Work instruction:
Every line from the top of the records below through the one containing "import ezdxf" must be copied exactly, and the pictures must not be.
________________________
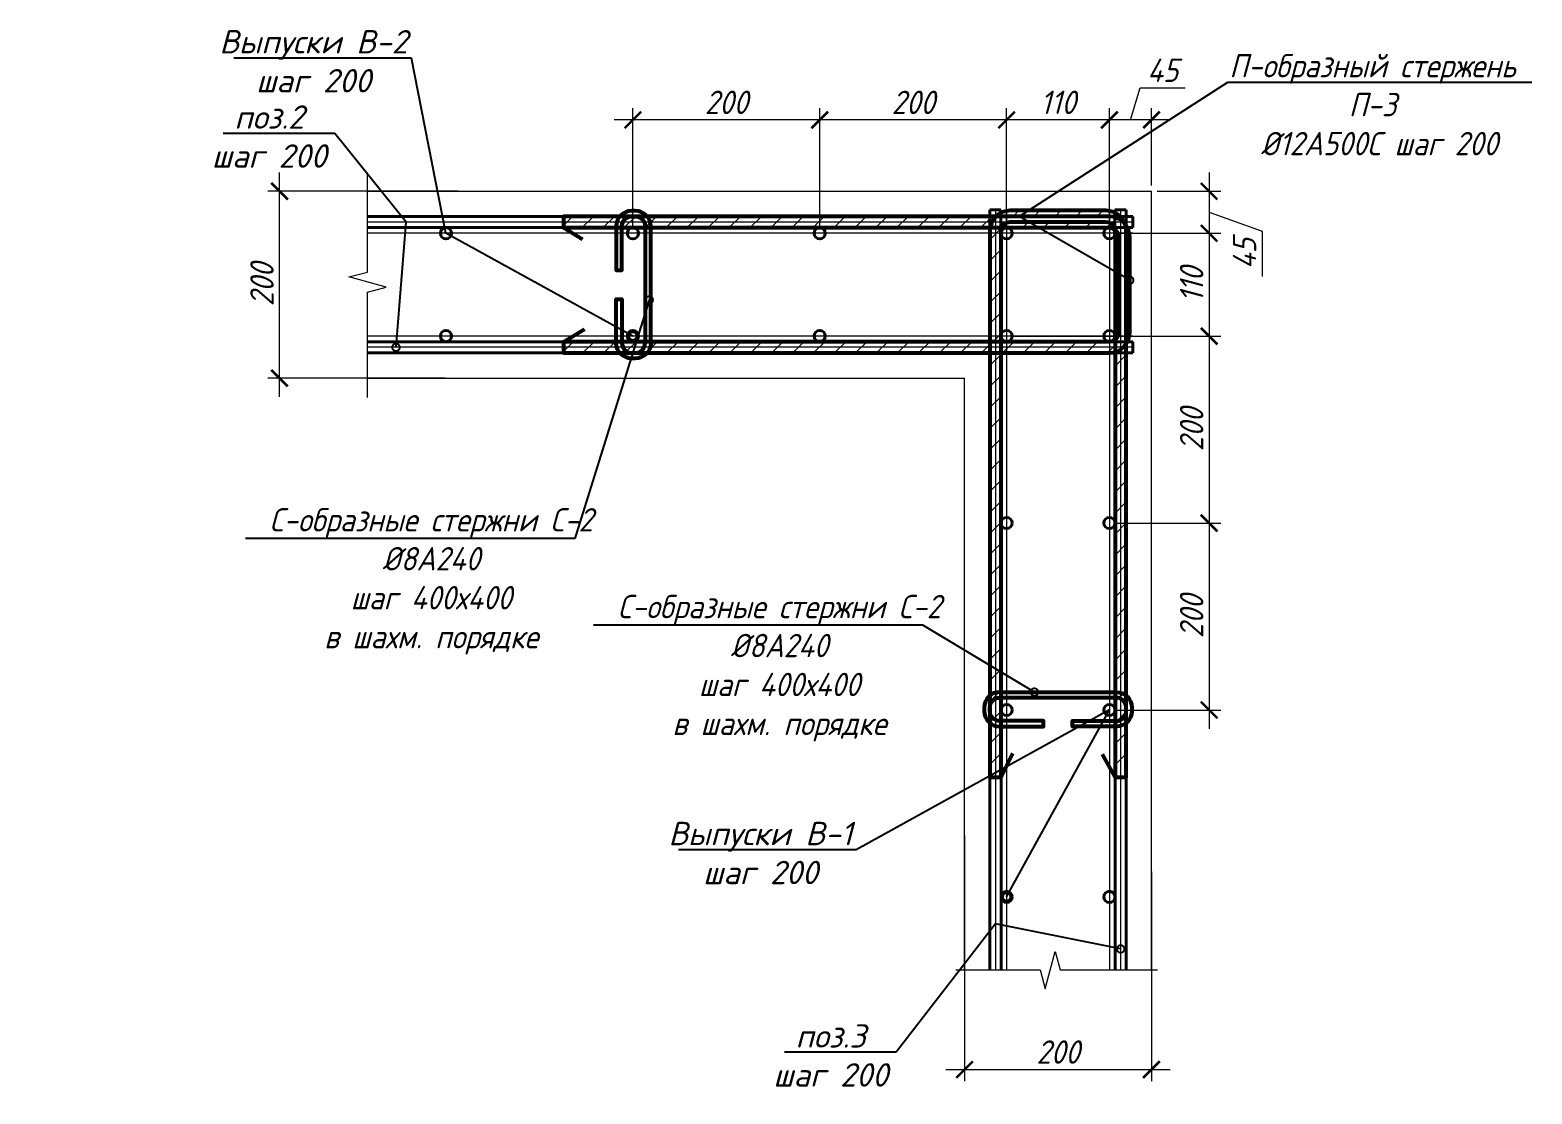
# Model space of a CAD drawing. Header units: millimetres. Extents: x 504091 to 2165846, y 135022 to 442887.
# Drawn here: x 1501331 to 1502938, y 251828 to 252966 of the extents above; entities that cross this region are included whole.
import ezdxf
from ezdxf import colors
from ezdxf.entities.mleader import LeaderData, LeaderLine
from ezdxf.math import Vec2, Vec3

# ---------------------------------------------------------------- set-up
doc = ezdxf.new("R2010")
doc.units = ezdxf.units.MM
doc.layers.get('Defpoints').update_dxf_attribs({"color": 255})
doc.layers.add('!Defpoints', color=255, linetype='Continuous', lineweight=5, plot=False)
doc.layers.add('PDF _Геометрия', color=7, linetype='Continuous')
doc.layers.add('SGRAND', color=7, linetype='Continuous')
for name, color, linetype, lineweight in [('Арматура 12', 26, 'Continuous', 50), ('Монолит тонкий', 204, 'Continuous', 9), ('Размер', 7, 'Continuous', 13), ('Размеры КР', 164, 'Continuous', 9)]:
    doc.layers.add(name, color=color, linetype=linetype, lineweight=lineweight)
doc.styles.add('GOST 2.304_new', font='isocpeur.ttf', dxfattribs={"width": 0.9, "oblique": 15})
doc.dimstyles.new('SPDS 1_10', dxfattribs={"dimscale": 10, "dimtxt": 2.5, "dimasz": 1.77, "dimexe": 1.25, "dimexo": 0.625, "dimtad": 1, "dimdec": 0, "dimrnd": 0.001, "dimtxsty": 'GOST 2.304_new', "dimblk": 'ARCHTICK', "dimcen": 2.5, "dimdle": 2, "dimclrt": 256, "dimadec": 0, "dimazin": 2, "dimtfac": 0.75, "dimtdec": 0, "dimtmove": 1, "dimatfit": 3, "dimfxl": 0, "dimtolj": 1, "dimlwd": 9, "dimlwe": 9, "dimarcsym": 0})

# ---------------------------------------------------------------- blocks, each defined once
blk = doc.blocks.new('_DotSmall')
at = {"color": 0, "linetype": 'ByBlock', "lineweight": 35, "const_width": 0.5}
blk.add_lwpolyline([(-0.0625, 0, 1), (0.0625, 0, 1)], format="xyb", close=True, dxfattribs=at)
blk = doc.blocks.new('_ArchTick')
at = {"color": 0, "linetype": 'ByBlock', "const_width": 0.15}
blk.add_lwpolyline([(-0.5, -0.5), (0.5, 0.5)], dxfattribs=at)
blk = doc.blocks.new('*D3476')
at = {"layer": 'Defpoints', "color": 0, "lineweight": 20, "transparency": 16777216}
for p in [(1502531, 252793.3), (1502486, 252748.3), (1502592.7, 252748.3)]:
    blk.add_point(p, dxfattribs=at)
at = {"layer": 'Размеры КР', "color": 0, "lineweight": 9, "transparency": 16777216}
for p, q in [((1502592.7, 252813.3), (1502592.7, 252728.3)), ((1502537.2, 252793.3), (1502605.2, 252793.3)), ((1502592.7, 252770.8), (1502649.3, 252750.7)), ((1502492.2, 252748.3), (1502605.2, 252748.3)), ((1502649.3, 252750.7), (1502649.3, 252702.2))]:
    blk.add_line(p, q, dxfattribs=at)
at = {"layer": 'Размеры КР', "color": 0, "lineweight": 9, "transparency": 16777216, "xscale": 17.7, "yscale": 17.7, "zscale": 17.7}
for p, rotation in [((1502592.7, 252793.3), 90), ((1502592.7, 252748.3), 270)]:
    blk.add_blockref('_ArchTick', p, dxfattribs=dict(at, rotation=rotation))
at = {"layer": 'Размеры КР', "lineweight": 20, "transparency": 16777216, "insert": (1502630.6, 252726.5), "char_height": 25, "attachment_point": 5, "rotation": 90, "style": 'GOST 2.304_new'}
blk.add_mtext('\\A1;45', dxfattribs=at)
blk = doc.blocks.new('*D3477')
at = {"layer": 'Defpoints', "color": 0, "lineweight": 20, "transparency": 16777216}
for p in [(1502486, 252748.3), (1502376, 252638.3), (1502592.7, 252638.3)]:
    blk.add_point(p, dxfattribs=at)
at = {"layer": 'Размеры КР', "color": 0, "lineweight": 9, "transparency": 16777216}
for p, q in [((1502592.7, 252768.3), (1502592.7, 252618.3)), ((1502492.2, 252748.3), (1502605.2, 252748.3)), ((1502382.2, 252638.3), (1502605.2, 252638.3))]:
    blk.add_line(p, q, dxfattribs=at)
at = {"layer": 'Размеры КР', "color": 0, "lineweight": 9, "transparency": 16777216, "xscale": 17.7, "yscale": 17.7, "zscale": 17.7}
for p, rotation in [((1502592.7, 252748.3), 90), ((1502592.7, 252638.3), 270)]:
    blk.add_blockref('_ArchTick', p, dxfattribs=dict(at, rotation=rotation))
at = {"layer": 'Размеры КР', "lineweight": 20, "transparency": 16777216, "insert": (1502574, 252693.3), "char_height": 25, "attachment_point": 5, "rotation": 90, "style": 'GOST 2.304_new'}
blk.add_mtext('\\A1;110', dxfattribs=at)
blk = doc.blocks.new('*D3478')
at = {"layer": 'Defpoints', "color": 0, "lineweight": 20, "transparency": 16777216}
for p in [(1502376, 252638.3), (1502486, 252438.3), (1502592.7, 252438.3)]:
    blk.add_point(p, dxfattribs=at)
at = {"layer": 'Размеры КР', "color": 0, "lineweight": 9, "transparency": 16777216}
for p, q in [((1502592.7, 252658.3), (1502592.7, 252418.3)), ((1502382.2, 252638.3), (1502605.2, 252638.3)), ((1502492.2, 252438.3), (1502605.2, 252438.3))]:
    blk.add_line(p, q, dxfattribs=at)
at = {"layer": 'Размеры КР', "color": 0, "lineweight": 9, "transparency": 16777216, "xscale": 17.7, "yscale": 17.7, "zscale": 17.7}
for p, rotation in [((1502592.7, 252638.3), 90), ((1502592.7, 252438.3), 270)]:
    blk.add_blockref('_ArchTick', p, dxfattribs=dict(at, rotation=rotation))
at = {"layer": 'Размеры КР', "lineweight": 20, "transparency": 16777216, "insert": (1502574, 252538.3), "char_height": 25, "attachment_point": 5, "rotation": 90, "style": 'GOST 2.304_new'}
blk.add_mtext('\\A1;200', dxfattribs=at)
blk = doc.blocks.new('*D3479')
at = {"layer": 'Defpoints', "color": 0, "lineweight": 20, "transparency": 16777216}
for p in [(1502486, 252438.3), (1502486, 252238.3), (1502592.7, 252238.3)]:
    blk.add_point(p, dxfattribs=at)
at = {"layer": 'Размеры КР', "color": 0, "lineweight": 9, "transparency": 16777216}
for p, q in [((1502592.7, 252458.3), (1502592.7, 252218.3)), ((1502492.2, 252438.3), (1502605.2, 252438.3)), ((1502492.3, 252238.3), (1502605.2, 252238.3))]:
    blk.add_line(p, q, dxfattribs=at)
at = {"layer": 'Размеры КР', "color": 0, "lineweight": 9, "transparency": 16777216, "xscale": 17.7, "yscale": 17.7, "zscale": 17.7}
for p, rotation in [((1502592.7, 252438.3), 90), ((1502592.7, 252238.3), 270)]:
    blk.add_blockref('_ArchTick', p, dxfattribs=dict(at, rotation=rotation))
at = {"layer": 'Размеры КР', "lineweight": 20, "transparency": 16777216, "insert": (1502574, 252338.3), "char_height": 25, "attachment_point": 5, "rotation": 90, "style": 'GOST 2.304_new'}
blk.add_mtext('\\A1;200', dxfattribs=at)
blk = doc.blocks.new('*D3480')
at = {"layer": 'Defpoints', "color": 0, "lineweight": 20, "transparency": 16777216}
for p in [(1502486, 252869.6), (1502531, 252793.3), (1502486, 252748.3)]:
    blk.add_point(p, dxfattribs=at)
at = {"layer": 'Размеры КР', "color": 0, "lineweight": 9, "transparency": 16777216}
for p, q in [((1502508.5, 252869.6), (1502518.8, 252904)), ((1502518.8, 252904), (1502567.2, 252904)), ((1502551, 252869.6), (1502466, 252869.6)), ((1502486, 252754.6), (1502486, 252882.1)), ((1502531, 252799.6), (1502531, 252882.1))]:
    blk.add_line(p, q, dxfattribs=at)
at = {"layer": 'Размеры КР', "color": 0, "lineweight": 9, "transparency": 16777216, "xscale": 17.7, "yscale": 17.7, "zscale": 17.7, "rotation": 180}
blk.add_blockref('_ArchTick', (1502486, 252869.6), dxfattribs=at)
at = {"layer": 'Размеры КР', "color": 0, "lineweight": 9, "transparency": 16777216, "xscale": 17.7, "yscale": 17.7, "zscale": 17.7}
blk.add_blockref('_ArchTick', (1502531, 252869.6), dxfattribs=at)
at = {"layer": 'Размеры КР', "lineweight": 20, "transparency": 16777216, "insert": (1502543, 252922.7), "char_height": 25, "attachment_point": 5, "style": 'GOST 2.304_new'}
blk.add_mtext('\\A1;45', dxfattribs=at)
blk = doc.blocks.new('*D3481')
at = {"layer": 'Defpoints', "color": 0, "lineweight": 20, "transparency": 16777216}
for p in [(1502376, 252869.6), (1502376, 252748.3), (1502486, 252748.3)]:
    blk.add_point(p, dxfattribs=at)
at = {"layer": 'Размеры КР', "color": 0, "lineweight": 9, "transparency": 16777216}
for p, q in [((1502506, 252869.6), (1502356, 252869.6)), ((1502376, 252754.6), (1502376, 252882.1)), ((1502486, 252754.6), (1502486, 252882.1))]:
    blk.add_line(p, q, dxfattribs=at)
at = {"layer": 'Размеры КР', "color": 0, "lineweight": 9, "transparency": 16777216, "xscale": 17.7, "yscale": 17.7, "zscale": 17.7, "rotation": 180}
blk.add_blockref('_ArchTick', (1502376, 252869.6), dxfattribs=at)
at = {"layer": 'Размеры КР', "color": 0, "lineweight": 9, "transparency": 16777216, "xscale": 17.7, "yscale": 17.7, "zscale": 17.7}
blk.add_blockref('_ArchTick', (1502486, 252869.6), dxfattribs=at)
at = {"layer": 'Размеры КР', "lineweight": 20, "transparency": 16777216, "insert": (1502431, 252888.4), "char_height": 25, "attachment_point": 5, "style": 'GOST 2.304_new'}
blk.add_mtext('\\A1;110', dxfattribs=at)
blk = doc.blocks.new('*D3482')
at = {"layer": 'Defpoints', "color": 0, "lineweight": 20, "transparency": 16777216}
________________________
Answer:
# Model space of a CAD drawing. Header units: millimetres. Extents: x 504091 to 2165846, y 135022 to 442887.
# Drawn here: x 1501331 to 1502938, y 251828 to 252966 of the extents above; entities that cross this region are included whole.
import ezdxf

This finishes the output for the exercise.